FYI, I’m not a pro- nor anti- ‘free market’ dogmatist. One could and should investigate the role of anti-‘free market’ ideology and its effects, but that is not the point of this specific thread.

I’m voting for American slavery.

Well, the relevant question is, this is a failure of the market compared to what? Is there a non-market entity, say, some priesthood or mercenary gang, that’s willing and able to keep producing antivenom forever? And let’s not forget that research into antivenoms - discovering the things to begin with - is made possible by the higher standards of living that the market has brought us, so that we both free time and resources to do research. If we’re calling “not doing something that can potentially be done if we poured all resources into a narrow field” an active evil, then no system is free from blame, yet the free market and its attendant economic growth is more blameless than most. And as long as the market operates and living standards increase, we’ll have more resources to deal with increasingly rare problems, and antivenom production will be addressed.

Not being God is not a valid failure of the free market.

The problem is that the slaves themselves did not engage in a voluntary, ‘free market’ transaction to become slaves. That occurred via coercion and the use of force.

That’s an externality - A did business with B which imposed costs on C, without C’s consent. Fertile ground for discussion re: free market ideology and libertarianism.

As mentioned, whether the slaves voluntarily became slaves is an irrelevance. The slaves were property. The purchase and sale of slaves occurred on an open market.

No, it’s extremely relevant. Distortions to the market caused by use of force or the threat of force via government control are extremely relevant. Prices are distorted and resources are inefficiently allocated as a result. The African slaves would have been perfectly able to offer their services voluntarily for a wage, for example. I imagine the whole economic structure of the South would have been different as a result - and probably better and more sustainable, even without considering the horrific social implications of slavery.

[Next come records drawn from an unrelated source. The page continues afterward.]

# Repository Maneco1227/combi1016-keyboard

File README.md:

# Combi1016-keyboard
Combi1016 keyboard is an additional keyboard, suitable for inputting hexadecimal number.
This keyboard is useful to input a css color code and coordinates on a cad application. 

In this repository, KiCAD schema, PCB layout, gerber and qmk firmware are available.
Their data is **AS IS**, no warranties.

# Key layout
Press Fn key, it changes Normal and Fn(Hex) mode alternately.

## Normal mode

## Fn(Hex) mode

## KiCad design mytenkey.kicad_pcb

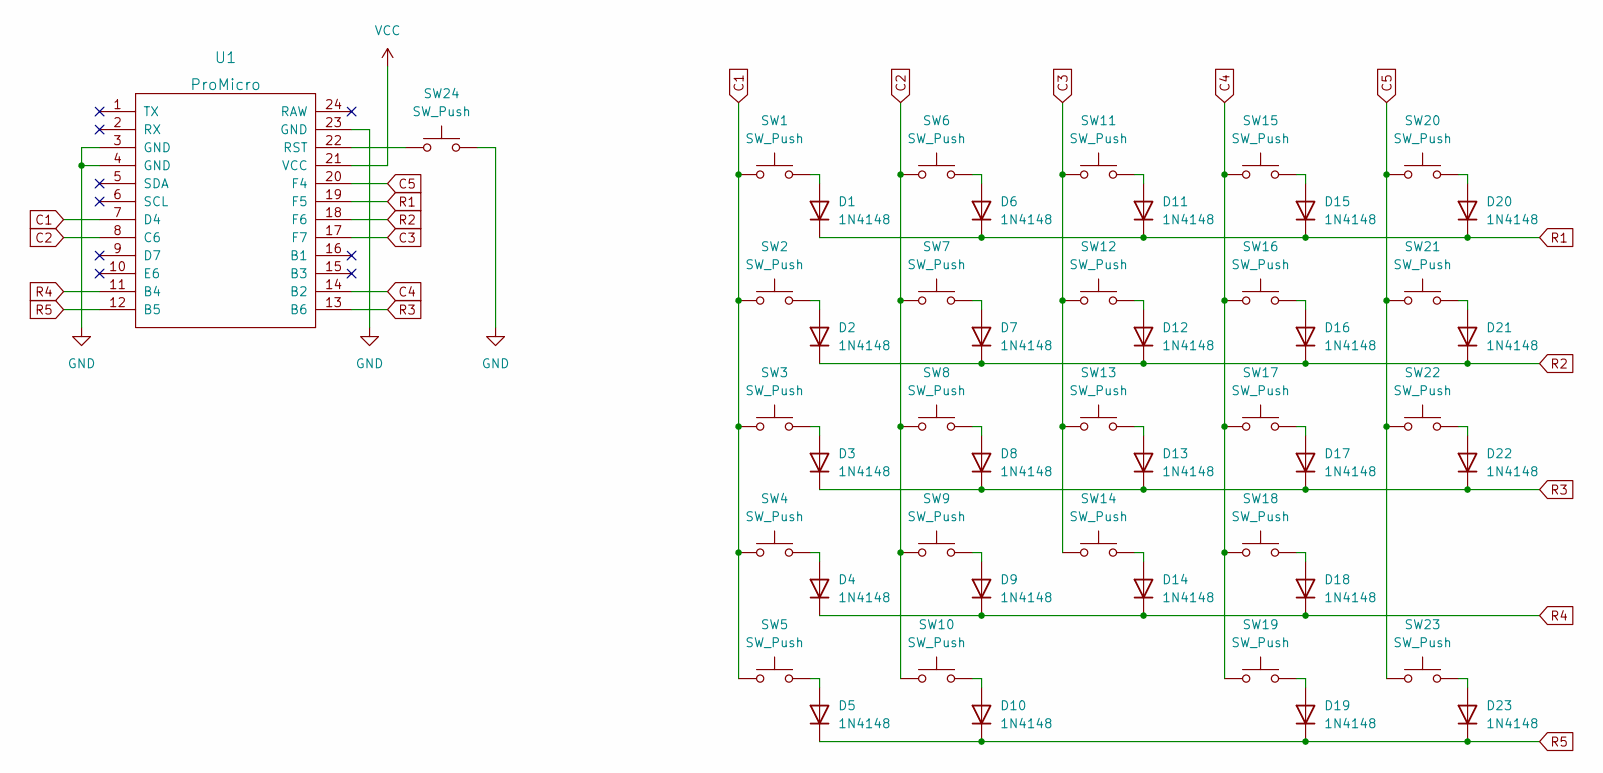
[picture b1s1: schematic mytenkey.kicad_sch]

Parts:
D1, D2, D3, D4, D5, D6, D7, D8, D9, D10, D11, D12, D13, D14, D15, D16, D17, D18, D19, D20, D21, D22, D23: 1N4148; D_DO-35_SOD27_P7.62mm_Horizontal
SW1, SW2, SW3, SW4, SW5, SW6, SW7, SW8, SW9, SW11, SW12, SW13, SW14, SW15, SW16, SW17, SW18, SW19, SW20, SW21, SW22: SW_Push; SW_Cherry_MX_1.00u_PCB
SW10: SW_Push; SW_Cherry_MX_2.00u_PCB
SW23: SW_Push; SW_Cherry_MX_2.00u_Vertical_PCB
SW24: SW_Push
U1: ProMicro

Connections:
C1: SW1.1, SW2.1, SW3.1, SW4.1, SW5.1, U1.7 (D4)
C2: SW6.1, SW7.1, SW8.1, SW9.1, SW10.1, U1.8 (C6)
C3: SW11.1, SW12.1, SW13.1, SW14.1, U1.17 (F7)
C4: SW15.1, SW16.1, SW17.1, SW18.1, SW19.1, U1.14 (B2)
C5: SW20.1, SW21.1, SW22.1, SW23.1, U1.20 (F4)
GND: SW24.2, U1.3 (GND), U1.4 (GND), U1.23 (GND)
unnamed: D1.2 (A), SW1.2
unnamed: D2.2 (A), SW2.2
unnamed: D3.2 (A), SW3.2
unnamed: D4.2 (A), SW4.2
unnamed: D5.2 (A), SW5.2
unnamed: D6.2 (A), SW6.2
unnamed: D7.2 (A), SW7.2
unnamed: D8.2 (A), SW8.2
unnamed: D9.2 (A), SW9.2
unnamed: D10.2 (A), SW10.2
unnamed: D11.2 (A), SW11.2
unnamed: D12.2 (A), SW12.2
unnamed: D13.2 (A), SW13.2
unnamed: D14.2 (A), SW14.2
unnamed: D15.2 (A), SW15.2
unnamed: D16.2 (A), SW16.2
unnamed: D17.2 (A), SW17.2
unnamed: D18.2 (A), SW18.2
unnamed: D19.2 (A), SW19.2
unnamed: D20.2 (A), SW20.2
unnamed: D21.2 (A), SW21.2
unnamed: D22.2 (A), SW22.2
unnamed: D23.2 (A), SW23.2
unnamed: SW24.1, U1.22 (RST)
R1: D1.1 (K), D6.1 (K), D11.1 (K), D15.1 (K), D20.1 (K), U1.19 (F5)
R2: D2.1 (K), D7.1 (K), D12.1 (K), D16.1 (K), D21.1 (K), U1.18 (F6)
R3: D3.1 (K), D8.1 (K), D13.1 (K), D17.1 (K), D22.1 (K), U1.13 (B6)
R4: D4.1 (K), D9.1 (K), D14.1 (K), D18.1 (K), U1.11 (B4)
R5: D5.1 (K), D10.1 (K), D19.1 (K), D23.1 (K), U1.12 (B5)
VCC: U1.21 (VCC)

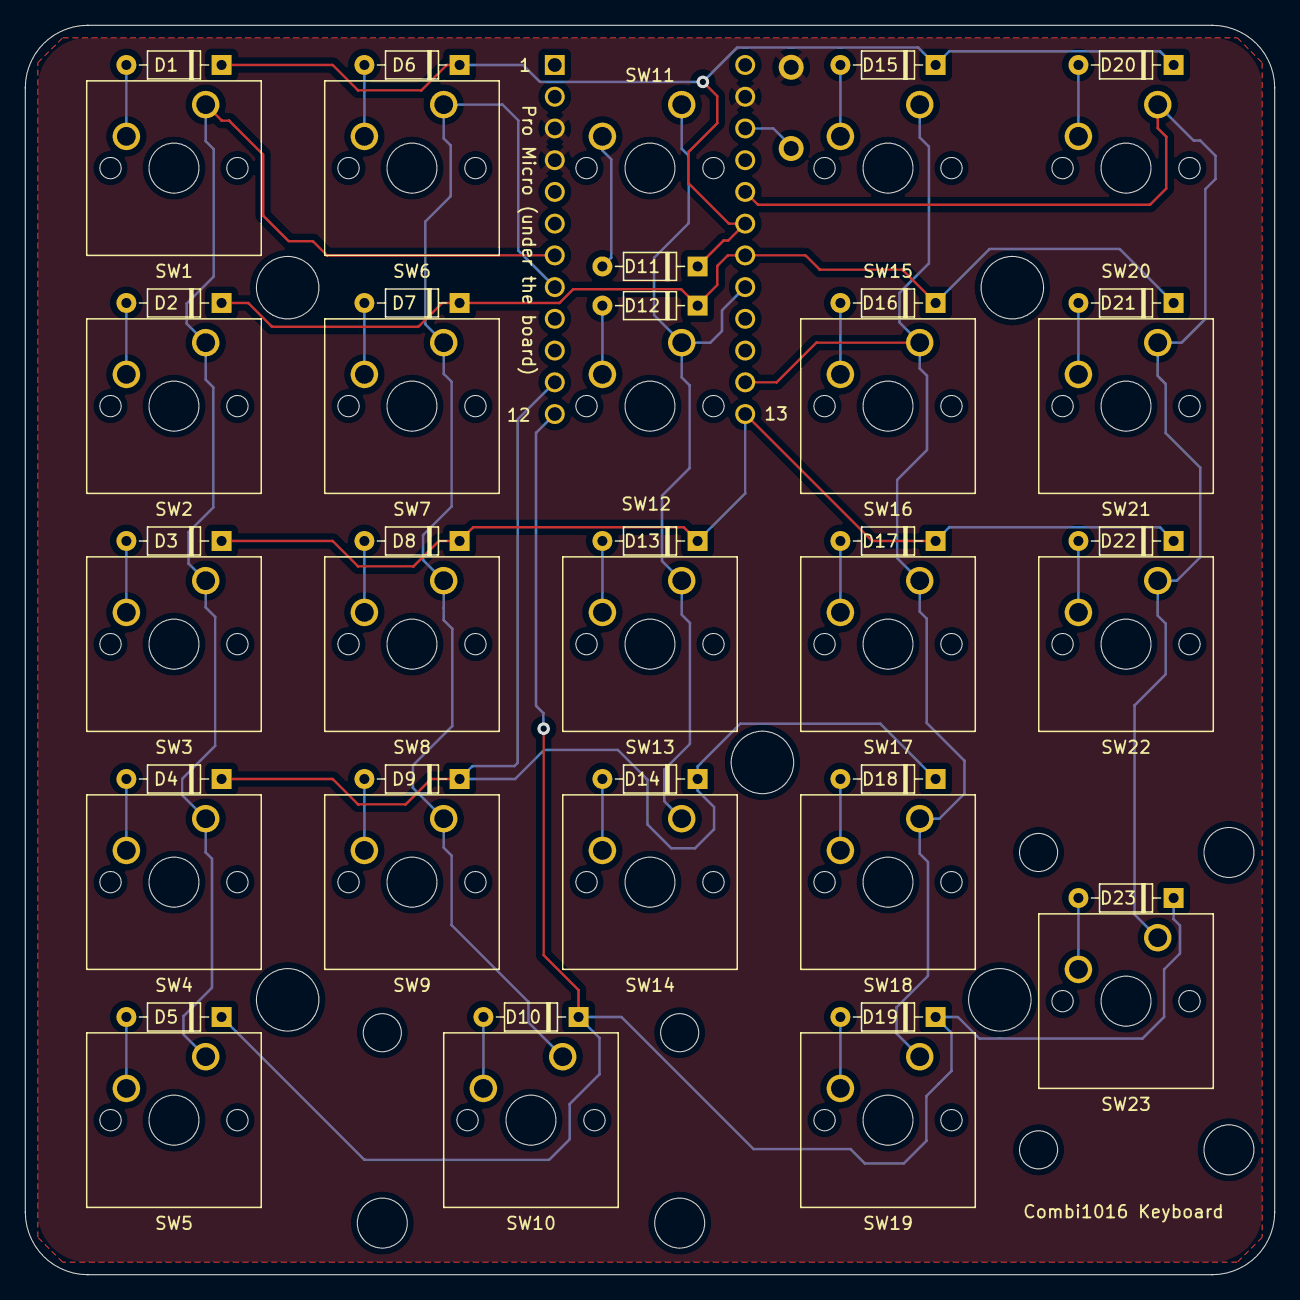
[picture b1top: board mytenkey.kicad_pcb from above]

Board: 2 copper layers, 100.0 x 100.0 mm, 48 parts (1 on the bottom side), 35 nets.

Another example I can think of, off the top of my head, is when the Clinton adminstration sold off frequency spectrums in the 1990’s and then claimed that was a superlative example of how government could be ‘profitable’.

Well yeah…when you seize assets by force, don’t pay for them, and then sell them, you can make a profit. No duh.

I’m not saying the Clinton adminstration shouldn’t have done that. What I’m saying is the whole notion of ‘free market’ becomes somewhat meaningless when you have acquired resources by use of force against someone’s will.

Given your terms, it is arguable whether a “free market” has ever existed, or is even possible as a practical fact. The clatter of cash attracts “force” like shit draws flies. By your simplistic definition, laws against selling ground kitten as hamburger distort the sacred “free market” because the police are authorized to use “force”. You might as well be discussing the economic impact of the Tooth Fairy on the dental industry.